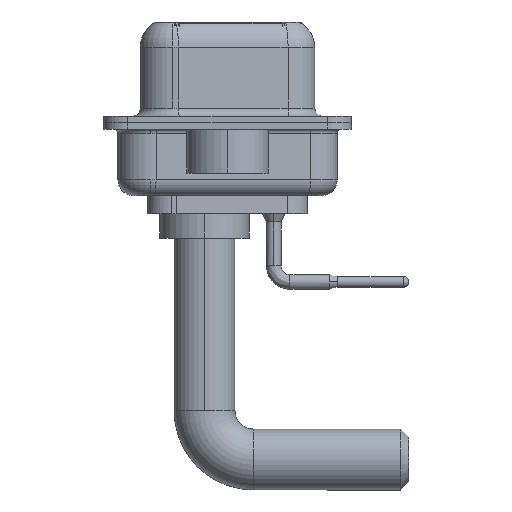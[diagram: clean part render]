
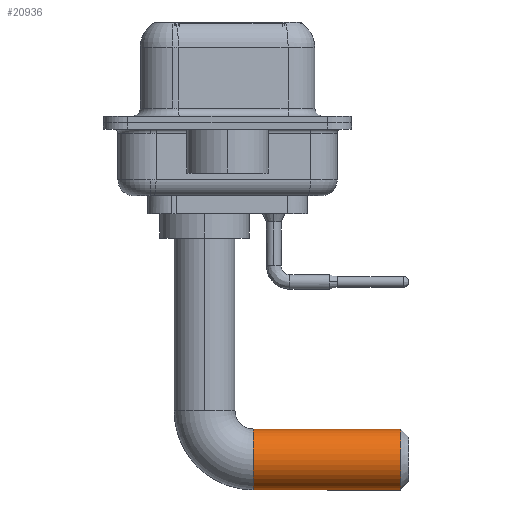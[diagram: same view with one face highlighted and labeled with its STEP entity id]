
A CAD part, left-side view. The second image highlights one B-rep face of the part: STEP entity #20936.
In plain terms, the highlighted cylindrical face has radius 1.875 mm (diameter 3.75 mm), a partial arc.
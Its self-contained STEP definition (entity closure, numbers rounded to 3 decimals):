
#50 = DIRECTION ( 'NONE',  ( -1., 0., 0. ) ) ;
#132 = EDGE_LOOP ( 'NONE', ( #13651, #15798, #13271, #6281 ) ) ;
#420 = CARTESIAN_POINT ( 'NONE',  ( 0., -3., -11.755 ) ) ;
#433 = LINE ( 'NONE', #12418, #16903 ) ;
#862 = AXIS2_PLACEMENT_3D ( 'NONE', #19703, #20893, #1698 ) ;
#1386 = CYLINDRICAL_SURFACE ( 'NONE', #862, 1.875 ) ;
#1459 = DIRECTION ( 'NONE',  ( 0., -1., 0. ) ) ;
#1698 = DIRECTION ( 'NONE',  ( 0., 0., -1. ) ) ;
#2107 = EDGE_CURVE ( 'NONE', #21097, #6196, #433, .T. ) ;
#2365 = EDGE_CURVE ( 'NONE', #9336, #9320, #11320, .T. ) ;
#3881 = CARTESIAN_POINT ( 'NONE',  ( 0., -12.07, -11.755 ) ) ;
#5141 = DIRECTION ( 'NONE',  ( 0., -1., 0. ) ) ;
#5563 = EDGE_CURVE ( 'NONE', #9320, #6196, #15329, .T. ) ;
#5795 = FACE_OUTER_BOUND ( 'NONE', #132, .T. ) ;
#6196 = VERTEX_POINT ( 'NONE', #3881 ) ;
#6281 = ORIENTED_EDGE ( 'NONE', *, *, #5563, .T. ) ;
#6403 = CIRCLE ( 'NONE', #9518, 1.875 ) ;
#9288 = CARTESIAN_POINT ( 'NONE',  ( 0., -3., -15.505 ) ) ;
#9320 = VERTEX_POINT ( 'NONE', #19049 ) ;
#9336 = VERTEX_POINT ( 'NONE', #9288 ) ;
#9518 = AXIS2_PLACEMENT_3D ( 'NONE', #14736, #9585, #50 ) ;
#9585 = DIRECTION ( 'NONE',  ( 0., -1., 0. ) ) ;
#10874 = AXIS2_PLACEMENT_3D ( 'NONE', #15949, #14142, #19469 ) ;
#11320 = LINE ( 'NONE', #16037, #14190 ) ;
#12178 = EDGE_CURVE ( 'NONE', #21097, #9336, #6403, .T. ) ;
#12418 = CARTESIAN_POINT ( 'NONE',  ( 0., -3., -11.755 ) ) ;
#13271 = ORIENTED_EDGE ( 'NONE', *, *, #2365, .T. ) ;
#13651 = ORIENTED_EDGE ( 'NONE', *, *, #2107, .F. ) ;
#14142 = DIRECTION ( 'NONE',  ( 0., 1., 0. ) ) ;
#14190 = VECTOR ( 'NONE', #1459, 1000. ) ;
#14736 = CARTESIAN_POINT ( 'NONE',  ( 0., -3., -13.63 ) ) ;
#15329 = CIRCLE ( 'NONE', #10874, 1.875 ) ;
#15798 = ORIENTED_EDGE ( 'NONE', *, *, #12178, .T. ) ;
#15949 = CARTESIAN_POINT ( 'NONE',  ( 0., -12.07, -13.63 ) ) ;
#16037 = CARTESIAN_POINT ( 'NONE',  ( 0., -3., -15.505 ) ) ;
#16903 = VECTOR ( 'NONE', #5141, 1000. ) ;
#19049 = CARTESIAN_POINT ( 'NONE',  ( 0., -12.07, -15.505 ) ) ;
#19469 = DIRECTION ( 'NONE',  ( 0., 0., -1. ) ) ;
#19703 = CARTESIAN_POINT ( 'NONE',  ( 0., -3., -13.63 ) ) ;
#20893 = DIRECTION ( 'NONE',  ( 0., -1., 0. ) ) ;
#20936 = ADVANCED_FACE ( 'NONE', ( #5795 ), #1386, .T. ) ;
#21097 = VERTEX_POINT ( 'NONE', #420 ) ;
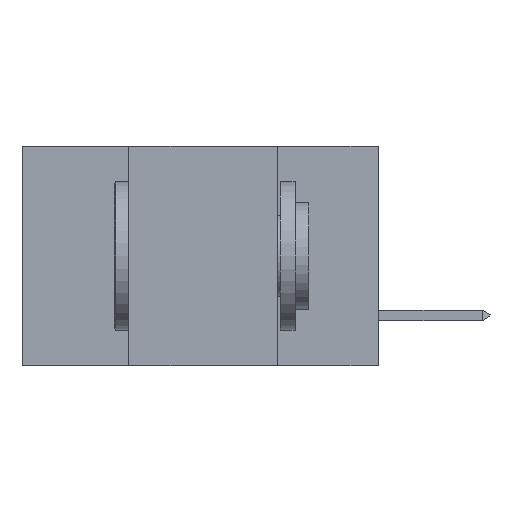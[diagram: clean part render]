
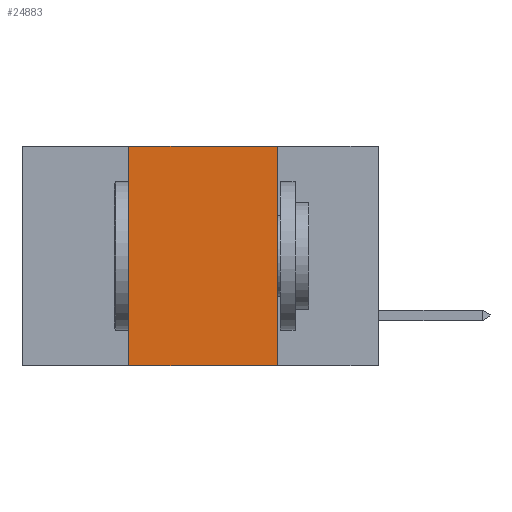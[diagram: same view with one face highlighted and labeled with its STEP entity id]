
A CAD part, left-side view. The second image highlights one B-rep face of the part: STEP entity #24883.
In plain terms, the highlighted planar face has unit normal (-1, 0, 0).
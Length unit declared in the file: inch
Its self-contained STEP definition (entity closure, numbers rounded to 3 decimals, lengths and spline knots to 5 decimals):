
#1511 = EDGE_CURVE ( 'NONE', #14208, #23334, #25507, .T. ) ;
#1814 = AXIS2_PLACEMENT_3D ( 'NONE', #6299, #20920, #16896 ) ;
#2424 = LINE ( 'NONE', #27152, #24577 ) ;
#2454 = FACE_OUTER_BOUND ( 'NONE', #10355, .T. ) ;
#2683 = VECTOR ( 'NONE', #9868, 39.37008 ) ;
#4520 = LINE ( 'NONE', #27809, #6196 ) ;
#6196 = VECTOR ( 'NONE', #21476, 39.37008 ) ;
#6299 = CARTESIAN_POINT ( 'NONE',  ( 0., 0.6, 0. ) ) ;
#8741 = CARTESIAN_POINT ( 'NONE',  ( 0., 0.42, -0.37 ) ) ;
#9117 = ORIENTED_EDGE ( 'NONE', *, *, #17898, .F. ) ;
#9280 = ORIENTED_EDGE ( 'NONE', *, *, #1511, .F. ) ;
#9868 = DIRECTION ( 'NONE',  ( 0., -1., 0. ) ) ;
#10049 = CARTESIAN_POINT ( 'NONE',  ( 0., 0.6, 0. ) ) ;
#10355 = EDGE_LOOP ( 'NONE', ( #9117, #9280, #17440, #26208 ) ) ;
#12201 = DIRECTION ( 'NONE',  ( 0., 0., -1. ) ) ;
#12692 = EDGE_CURVE ( 'NONE', #19032, #14208, #4520, .T. ) ;
#14208 = VERTEX_POINT ( 'NONE', #22071 ) ;
#14483 = CARTESIAN_POINT ( 'NONE',  ( 0., 0.17, 0. ) ) ;
#14515 = CARTESIAN_POINT ( 'NONE',  ( 0., 0.6, -0.37 ) ) ;
#16896 = DIRECTION ( 'NONE',  ( 0., 0., -1. ) ) ;
#16985 = PLANE ( 'NONE',  #1814 ) ;
#17440 = ORIENTED_EDGE ( 'NONE', *, *, #12692, .F. ) ;
#17898 = EDGE_CURVE ( 'NONE', #23334, #20427, #2424, .T. ) ;
#18099 = CARTESIAN_POINT ( 'NONE',  ( 0., 0.17, -0.37 ) ) ;
#18205 = EDGE_CURVE ( 'NONE', #19032, #20427, #26909, .T. ) ;
#19032 = VERTEX_POINT ( 'NONE', #8741 ) ;
#20427 = VERTEX_POINT ( 'NONE', #18099 ) ;
#20833 = VECTOR ( 'NONE', #22962, 39.37008 ) ;
#20920 = DIRECTION ( 'NONE',  ( 1., 0., 0. ) ) ;
#21476 = DIRECTION ( 'NONE',  ( 0., 0., 1. ) ) ;
#22071 = CARTESIAN_POINT ( 'NONE',  ( 0., 0.42, 0. ) ) ;
#22962 = DIRECTION ( 'NONE',  ( 0., -1., 0. ) ) ;
#23334 = VERTEX_POINT ( 'NONE', #14483 ) ;
#24577 = VECTOR ( 'NONE', #12201, 39.37008 ) ;
#24883 = ADVANCED_FACE ( 'NONE', ( #2454 ), #16985, .F. ) ;
#25507 = LINE ( 'NONE', #10049, #2683 ) ;
#26208 = ORIENTED_EDGE ( 'NONE', *, *, #18205, .T. ) ;
#26909 = LINE ( 'NONE', #14515, #20833 ) ;
#27152 = CARTESIAN_POINT ( 'NONE',  ( 0., 0.17, 0. ) ) ;
#27809 = CARTESIAN_POINT ( 'NONE',  ( 0., 0.42, 0. ) ) ;
* * *
▶ [YOUR INSTRUCTIONS] Copy the lines above exactly. Start with the line containing "#1698 = DIRECTION", end with the line containing "#5795 = FACE_OUTER_BOUND", and include both.

▶ [ANSWER TO THIS EXERCISE]
#1698 = DIRECTION ( 'NONE',  ( 0., 0., -1. ) ) ;
#2107 = EDGE_CURVE ( 'NONE', #21097, #6196, #433, .T. ) ;
#2365 = EDGE_CURVE ( 'NONE', #9336, #9320, #11320, .T. ) ;
#3881 = CARTESIAN_POINT ( 'NONE',  ( 0., -12.07, -11.755 ) ) ;
#5141 = DIRECTION ( 'NONE',  ( 0., -1., 0. ) ) ;
#5563 = EDGE_CURVE ( 'NONE', #9320, #6196, #15329, .T. ) ;
#5795 = FACE_OUTER_BOUND ( 'NONE', #132, .T. ) ;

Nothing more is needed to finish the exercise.